The page and the status monitoring is done by the excellent Pingdom. We’ve been using it for a while to alert us to outages, so there’s quite a bit of history there for you to browse if you follow the links.

Some explanation of what the service names mean…

  • API / Datastore. Once a minute, Pingdom calls an API that does a simple SQL query on a scraper datastore. This shows whether that worked or not.
  • Engine. This tests the sandboxed (using LXC) code executor that is the core of ScraperWiki. It does it via a ScraperWiki View, so those are being tested too.
  • Website. Just does a check that the front page of scraperwiki.com works. It means our basic infrastructure, and the Django application, are working.
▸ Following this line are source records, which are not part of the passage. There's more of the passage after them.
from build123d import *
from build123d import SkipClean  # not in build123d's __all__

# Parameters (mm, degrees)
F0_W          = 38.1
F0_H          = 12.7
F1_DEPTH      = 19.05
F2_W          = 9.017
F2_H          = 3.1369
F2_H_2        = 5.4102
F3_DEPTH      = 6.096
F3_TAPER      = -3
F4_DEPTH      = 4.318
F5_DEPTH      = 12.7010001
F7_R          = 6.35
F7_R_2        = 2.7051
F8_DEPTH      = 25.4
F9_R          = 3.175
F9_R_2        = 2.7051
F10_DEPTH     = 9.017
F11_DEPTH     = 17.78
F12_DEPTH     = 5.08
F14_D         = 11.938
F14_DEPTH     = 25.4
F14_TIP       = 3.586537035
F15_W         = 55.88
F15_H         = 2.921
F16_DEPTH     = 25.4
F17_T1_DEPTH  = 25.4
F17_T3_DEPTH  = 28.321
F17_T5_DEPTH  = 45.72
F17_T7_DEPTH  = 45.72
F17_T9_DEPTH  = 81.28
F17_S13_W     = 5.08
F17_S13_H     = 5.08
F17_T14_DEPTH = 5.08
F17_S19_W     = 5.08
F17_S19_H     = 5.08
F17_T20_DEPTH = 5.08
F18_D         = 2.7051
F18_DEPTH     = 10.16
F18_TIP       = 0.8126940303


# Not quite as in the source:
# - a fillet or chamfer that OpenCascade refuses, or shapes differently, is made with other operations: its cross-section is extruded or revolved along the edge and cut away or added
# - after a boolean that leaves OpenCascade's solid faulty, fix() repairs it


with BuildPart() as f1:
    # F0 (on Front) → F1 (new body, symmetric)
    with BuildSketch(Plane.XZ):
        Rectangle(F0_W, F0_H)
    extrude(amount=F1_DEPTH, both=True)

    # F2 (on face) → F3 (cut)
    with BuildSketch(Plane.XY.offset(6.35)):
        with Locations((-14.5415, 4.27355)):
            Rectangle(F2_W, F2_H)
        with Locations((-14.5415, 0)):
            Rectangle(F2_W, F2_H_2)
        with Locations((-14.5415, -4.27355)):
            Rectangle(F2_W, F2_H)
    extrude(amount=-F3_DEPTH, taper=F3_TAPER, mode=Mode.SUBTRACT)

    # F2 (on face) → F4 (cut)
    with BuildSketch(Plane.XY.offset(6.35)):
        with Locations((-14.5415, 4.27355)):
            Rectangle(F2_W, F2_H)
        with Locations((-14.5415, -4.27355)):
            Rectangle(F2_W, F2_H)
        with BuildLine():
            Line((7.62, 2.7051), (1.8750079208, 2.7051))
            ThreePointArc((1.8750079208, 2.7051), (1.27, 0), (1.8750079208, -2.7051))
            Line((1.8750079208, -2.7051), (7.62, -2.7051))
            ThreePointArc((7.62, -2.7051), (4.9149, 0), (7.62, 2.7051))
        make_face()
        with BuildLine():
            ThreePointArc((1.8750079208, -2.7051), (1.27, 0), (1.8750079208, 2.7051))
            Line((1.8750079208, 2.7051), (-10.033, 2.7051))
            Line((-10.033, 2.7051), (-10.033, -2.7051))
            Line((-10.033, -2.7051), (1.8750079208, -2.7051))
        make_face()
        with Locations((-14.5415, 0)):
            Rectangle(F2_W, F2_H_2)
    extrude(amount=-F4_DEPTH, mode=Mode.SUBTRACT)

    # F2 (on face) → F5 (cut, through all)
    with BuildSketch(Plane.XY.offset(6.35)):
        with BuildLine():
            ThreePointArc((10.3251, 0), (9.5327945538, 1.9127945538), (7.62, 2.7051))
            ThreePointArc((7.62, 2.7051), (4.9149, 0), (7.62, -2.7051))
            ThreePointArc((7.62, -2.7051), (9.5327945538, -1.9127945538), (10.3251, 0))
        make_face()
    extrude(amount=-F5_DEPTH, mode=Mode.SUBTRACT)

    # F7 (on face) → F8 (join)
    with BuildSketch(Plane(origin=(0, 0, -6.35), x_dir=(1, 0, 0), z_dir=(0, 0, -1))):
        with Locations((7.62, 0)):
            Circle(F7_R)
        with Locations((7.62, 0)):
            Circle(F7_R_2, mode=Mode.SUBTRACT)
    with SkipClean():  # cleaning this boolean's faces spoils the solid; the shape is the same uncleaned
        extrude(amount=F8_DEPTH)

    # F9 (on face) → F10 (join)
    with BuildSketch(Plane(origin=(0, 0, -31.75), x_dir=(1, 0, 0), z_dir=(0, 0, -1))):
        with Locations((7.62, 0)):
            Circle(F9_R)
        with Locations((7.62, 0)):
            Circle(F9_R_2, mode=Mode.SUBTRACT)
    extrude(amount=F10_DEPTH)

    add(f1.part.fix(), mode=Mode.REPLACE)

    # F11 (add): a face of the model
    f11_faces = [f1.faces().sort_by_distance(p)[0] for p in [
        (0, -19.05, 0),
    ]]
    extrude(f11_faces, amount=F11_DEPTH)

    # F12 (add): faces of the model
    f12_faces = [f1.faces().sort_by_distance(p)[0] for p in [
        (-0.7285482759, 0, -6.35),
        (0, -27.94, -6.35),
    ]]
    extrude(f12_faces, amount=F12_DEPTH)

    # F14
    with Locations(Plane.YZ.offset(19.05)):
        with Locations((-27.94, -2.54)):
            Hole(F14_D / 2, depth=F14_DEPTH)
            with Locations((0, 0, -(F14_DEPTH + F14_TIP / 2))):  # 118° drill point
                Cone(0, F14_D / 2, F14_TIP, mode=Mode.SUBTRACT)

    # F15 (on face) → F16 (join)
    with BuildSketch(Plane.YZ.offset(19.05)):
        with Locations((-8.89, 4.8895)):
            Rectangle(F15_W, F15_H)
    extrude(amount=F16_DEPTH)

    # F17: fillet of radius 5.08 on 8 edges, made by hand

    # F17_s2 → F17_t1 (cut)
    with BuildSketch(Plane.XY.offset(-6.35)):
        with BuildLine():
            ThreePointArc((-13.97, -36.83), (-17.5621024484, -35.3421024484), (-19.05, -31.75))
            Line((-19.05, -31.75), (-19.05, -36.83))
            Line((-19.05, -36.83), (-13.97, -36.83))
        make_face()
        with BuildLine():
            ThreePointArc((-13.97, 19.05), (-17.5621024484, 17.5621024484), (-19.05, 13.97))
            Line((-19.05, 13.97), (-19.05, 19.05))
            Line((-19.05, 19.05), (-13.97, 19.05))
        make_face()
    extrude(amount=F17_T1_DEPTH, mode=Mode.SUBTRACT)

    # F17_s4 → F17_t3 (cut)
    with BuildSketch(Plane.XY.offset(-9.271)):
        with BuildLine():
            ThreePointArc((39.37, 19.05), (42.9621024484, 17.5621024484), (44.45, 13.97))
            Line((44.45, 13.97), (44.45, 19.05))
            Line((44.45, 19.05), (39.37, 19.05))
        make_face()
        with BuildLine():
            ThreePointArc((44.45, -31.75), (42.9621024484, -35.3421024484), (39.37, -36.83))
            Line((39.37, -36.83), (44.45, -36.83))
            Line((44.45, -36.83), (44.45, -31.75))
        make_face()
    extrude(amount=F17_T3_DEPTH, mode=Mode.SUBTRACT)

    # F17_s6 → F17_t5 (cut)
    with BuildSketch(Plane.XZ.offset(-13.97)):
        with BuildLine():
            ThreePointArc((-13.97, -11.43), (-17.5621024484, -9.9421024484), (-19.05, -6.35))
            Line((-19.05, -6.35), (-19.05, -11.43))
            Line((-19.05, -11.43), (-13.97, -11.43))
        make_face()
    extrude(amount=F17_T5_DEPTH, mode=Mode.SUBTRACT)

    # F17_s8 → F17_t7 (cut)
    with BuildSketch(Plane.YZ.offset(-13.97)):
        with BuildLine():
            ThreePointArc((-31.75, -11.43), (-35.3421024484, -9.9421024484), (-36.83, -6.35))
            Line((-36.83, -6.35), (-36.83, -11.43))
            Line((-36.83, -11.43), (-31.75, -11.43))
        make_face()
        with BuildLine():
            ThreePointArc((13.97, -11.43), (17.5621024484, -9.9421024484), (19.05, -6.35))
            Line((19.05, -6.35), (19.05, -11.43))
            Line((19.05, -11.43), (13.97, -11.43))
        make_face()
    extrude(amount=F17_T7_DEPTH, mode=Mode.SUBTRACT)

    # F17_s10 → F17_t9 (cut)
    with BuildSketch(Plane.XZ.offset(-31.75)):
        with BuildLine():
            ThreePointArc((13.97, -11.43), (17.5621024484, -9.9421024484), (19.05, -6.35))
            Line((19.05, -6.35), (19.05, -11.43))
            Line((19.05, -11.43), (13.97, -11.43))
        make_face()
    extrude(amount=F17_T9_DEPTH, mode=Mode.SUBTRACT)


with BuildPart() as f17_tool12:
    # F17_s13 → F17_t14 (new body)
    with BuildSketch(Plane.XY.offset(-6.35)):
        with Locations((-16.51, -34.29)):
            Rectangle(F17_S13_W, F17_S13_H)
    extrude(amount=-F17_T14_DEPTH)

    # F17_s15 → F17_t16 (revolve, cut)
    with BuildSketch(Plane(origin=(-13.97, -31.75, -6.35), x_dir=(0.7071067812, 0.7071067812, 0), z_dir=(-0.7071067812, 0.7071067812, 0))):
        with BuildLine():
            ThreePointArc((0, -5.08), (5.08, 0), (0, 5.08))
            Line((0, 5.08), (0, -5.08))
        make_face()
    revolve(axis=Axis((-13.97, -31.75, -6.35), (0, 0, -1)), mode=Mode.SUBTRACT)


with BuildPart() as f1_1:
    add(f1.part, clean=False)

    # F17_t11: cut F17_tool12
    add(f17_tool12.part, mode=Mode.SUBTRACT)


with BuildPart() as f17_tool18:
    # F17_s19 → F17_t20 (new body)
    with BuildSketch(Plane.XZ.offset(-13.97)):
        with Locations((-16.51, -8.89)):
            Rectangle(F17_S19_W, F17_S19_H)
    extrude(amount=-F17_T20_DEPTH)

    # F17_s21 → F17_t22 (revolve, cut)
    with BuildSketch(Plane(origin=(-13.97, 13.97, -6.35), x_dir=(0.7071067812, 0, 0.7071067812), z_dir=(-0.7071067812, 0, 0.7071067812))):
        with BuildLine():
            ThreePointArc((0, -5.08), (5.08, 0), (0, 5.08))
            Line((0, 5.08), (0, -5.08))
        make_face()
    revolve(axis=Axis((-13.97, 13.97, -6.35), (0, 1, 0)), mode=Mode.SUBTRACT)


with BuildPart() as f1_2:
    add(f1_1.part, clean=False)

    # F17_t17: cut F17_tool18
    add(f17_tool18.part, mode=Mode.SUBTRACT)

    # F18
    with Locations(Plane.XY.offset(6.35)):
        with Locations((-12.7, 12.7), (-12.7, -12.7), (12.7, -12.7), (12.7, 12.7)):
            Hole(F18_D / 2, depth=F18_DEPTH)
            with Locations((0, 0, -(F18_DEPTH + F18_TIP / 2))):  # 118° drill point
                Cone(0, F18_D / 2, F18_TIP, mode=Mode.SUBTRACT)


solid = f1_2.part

As you can see we’re in the naughty corner: yellow exclamation marks all over the Engine. If you hover the mouse over them, you can see we’ve had a downtime of 5-17 minutes for each day in the last week.

We’ve diagnosed it, and it is not the whole engine, just the dynamic views frontend. Occasionally there is high traffic from our geocoding API, which works via this View. We’re doing some short term optimisation to fix it, and medium term will move geocoding to something else, like GeoNames.

Anyway, next time ScraperWiki isn’t working for you, go to status.scraperwiki.com to find out what is wrong!

2 Responses to “Introducing status.scraperwiki.com”

  1. Frank Smith March 15, 2012 at 6:08 pm #

    I continually get “Sorry, we couldn’t connect to the datastore” messages when viewing my scrapers. I can edit them and run them, but can’t look at the data. status.scraperwiki.com shows the datastore to be up and available. Any ideas?

    Thanks.

  2. Francis Irving March 19, 2012 at 1:03 am #

    Hi Frank! That’s likely something specific to your scrapers… Could you give a link to them?

    See also this FAQ about slow datastores: https://scraperwiki.com/docs/python/faq/#slow_datastore

    Sorry for being slow replying – your comment got stuck in WordPress’s spam trap and I only just spotted it!